La situation s’explique aussi en amont : le taux de diplomation secondaire dans la région est de 74 %, alors qu’il atteint 82 % pour l’ensemble du Québec et 83 % à Montréal.
« Ce qui se passe très tôt dans les parcours des jeunes a un impact plus tard dans leur vie. C’est un bon exemple », rappelle M. St-Denis.
L’étude soutient que les écarts d’accès aux études supérieures trouvent souvent leur origine bien avant le cégep.
La fréquentation de la maternelle est pourtant répandue dans la région, mais l’accès aux services de garde éducatifs reste inégal. La Côte-Nord affiche un déficit de places en CPE par rapport à la moyenne québécoise.
Un autre facteur relevé par le bulletin concerne l’offre scolaire au secondaire. Contrairement à la grande région de Montréal, où on retrouve une large offre, la Côte-Nord dispose d’une seule école privée, soit l’Institut d’enseignement de Sept-Îles (IESI).

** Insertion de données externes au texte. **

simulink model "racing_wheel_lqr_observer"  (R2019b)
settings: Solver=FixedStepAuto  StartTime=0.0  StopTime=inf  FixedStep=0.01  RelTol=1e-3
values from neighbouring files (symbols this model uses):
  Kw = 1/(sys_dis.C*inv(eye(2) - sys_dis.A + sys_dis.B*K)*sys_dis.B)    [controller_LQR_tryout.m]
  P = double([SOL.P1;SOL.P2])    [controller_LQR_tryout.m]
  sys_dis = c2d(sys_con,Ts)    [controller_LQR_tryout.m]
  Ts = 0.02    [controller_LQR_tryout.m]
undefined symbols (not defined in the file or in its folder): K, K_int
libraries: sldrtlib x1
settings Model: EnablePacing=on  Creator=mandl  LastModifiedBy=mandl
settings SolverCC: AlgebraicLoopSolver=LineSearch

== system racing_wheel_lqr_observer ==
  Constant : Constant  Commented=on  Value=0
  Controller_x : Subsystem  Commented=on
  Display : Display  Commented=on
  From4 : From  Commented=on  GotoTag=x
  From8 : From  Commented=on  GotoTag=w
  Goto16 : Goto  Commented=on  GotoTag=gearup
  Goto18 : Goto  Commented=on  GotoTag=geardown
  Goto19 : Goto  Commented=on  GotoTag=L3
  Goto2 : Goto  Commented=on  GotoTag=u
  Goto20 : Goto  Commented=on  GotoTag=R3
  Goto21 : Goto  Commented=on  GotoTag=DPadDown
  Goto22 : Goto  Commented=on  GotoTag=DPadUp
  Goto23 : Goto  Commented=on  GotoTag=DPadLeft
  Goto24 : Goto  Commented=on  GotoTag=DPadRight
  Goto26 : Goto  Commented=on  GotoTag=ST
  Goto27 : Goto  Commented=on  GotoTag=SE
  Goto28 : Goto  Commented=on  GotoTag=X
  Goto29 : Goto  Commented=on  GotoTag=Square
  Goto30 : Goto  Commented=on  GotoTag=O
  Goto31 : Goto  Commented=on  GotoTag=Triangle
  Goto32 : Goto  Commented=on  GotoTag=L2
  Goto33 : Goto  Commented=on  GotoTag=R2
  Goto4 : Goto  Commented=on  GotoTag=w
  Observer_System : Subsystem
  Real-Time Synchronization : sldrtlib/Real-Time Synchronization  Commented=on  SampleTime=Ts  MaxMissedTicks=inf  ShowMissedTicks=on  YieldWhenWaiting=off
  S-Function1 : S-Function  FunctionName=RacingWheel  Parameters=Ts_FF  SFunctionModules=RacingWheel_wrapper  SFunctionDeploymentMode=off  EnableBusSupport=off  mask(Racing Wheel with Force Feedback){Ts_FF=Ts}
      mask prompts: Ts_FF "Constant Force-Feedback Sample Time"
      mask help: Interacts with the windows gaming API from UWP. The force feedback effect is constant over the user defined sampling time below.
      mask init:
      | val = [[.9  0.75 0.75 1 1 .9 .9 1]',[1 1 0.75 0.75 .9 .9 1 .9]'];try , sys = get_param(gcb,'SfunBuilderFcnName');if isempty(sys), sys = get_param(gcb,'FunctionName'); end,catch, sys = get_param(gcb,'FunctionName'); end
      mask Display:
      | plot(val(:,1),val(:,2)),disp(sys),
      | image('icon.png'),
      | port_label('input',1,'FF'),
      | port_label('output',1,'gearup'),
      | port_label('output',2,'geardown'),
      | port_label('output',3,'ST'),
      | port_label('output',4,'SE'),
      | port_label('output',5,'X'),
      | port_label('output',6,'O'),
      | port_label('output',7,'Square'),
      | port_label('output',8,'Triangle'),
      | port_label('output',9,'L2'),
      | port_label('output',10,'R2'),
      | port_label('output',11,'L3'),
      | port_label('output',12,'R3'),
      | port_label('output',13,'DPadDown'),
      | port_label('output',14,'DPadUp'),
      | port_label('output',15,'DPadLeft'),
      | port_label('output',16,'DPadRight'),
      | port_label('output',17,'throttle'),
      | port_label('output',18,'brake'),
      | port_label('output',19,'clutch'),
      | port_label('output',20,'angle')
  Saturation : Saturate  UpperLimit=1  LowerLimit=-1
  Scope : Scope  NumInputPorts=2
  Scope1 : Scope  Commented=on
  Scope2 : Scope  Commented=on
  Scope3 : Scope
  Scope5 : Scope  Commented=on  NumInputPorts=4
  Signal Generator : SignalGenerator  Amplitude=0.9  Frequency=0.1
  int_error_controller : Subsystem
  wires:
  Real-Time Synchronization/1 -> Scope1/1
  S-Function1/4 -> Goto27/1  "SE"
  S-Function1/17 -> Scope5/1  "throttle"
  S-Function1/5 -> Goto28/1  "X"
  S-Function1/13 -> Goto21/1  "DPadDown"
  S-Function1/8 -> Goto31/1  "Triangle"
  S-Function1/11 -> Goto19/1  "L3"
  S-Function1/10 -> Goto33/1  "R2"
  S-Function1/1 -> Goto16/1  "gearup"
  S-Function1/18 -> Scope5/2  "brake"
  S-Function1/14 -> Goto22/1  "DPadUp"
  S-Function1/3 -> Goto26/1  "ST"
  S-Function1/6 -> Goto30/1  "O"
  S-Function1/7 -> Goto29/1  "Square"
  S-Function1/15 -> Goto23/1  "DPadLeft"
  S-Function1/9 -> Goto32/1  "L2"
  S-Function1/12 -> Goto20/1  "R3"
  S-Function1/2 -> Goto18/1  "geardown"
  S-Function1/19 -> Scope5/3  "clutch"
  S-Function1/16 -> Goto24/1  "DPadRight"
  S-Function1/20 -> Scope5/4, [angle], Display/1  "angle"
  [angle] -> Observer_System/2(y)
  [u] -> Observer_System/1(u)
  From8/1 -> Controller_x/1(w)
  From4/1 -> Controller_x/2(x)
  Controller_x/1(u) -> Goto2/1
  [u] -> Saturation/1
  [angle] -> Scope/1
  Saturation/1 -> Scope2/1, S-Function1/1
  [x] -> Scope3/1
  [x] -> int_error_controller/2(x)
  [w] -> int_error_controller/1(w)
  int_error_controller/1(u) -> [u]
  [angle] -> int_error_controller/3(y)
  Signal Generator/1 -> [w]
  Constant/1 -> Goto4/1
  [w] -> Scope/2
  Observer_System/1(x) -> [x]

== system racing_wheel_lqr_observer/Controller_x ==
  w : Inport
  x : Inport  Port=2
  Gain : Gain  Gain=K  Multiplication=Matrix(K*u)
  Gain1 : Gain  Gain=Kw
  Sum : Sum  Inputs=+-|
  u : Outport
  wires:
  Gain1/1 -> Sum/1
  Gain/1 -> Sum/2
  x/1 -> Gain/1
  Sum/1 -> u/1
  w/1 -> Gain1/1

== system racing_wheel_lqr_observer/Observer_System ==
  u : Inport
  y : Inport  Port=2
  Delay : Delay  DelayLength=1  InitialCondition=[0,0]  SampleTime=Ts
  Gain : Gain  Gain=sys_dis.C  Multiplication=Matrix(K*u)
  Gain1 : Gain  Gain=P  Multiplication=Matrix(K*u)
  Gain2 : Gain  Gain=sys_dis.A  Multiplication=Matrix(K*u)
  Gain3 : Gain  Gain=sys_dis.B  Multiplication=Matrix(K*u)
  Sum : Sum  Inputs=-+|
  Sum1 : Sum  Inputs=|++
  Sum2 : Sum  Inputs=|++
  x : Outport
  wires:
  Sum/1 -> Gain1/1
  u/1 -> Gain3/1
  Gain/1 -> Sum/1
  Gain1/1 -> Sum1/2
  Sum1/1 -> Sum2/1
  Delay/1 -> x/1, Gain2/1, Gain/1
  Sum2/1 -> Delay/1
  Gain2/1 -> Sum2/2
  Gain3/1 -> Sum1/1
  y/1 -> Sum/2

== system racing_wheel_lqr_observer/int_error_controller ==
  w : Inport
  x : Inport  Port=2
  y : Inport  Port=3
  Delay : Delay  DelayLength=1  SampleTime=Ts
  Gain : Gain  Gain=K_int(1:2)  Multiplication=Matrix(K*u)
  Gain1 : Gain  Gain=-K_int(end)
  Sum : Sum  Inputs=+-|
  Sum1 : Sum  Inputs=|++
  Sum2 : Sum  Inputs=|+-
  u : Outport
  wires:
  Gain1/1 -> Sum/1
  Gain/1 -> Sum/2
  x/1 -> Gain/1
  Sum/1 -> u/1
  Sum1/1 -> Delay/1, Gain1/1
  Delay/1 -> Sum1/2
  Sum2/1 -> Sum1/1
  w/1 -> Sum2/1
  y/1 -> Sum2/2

Cette situation entraîne une expérience plus uniforme dans les écoles publiques régionales, où les élèves issus de milieux favorisés et défavorisés se côtoient davantage.
Selon les auteurs, cela pourrait limiter certains types d’inégalités scolaires, mais elle réduit aussi le choix pour les familles qui souhaitent orienter leurs enfants vers des parcours différents.
Des pistes de solutions
Le bulletin propose certaines avenues pour réduire les inégalités : améliorer le soutien financier aux étudiants, diversifier l’offre de programmes dans les antennes régionales des universités et cégeps, ou encore élargir la formation à distance.
Toutefois, le chercheur souligne que l’enjeu dépasse l’éducation puisque le marché du travail influence aussi le choix des étudiants.
« Un jeune qui veut rester dans sa région, peut-être que son projet d’études, ça va être plus un projet de DEP ou de DEC pour aller acquérir une formation pour laquelle il y a de la demande locale. On voit que sur la Côte-Nord, la formation professionnelle est assez populaire. Il y a quand même un lien avec les choix que prennent les jeunes. »
Le Bulletin de l’égalité des chances en éducation est conçu pour servir d’outil aux décideurs, aux établissements scolaires et aux organismes régionaux. Pour la première fois, il présente des données détaillées par région, ce qui permet de mieux cibler les besoins locaux.
Les résultats seront présentés lors d’un webinaire le 25 septembre, réunissant des intervenants de différentes régions du Québec.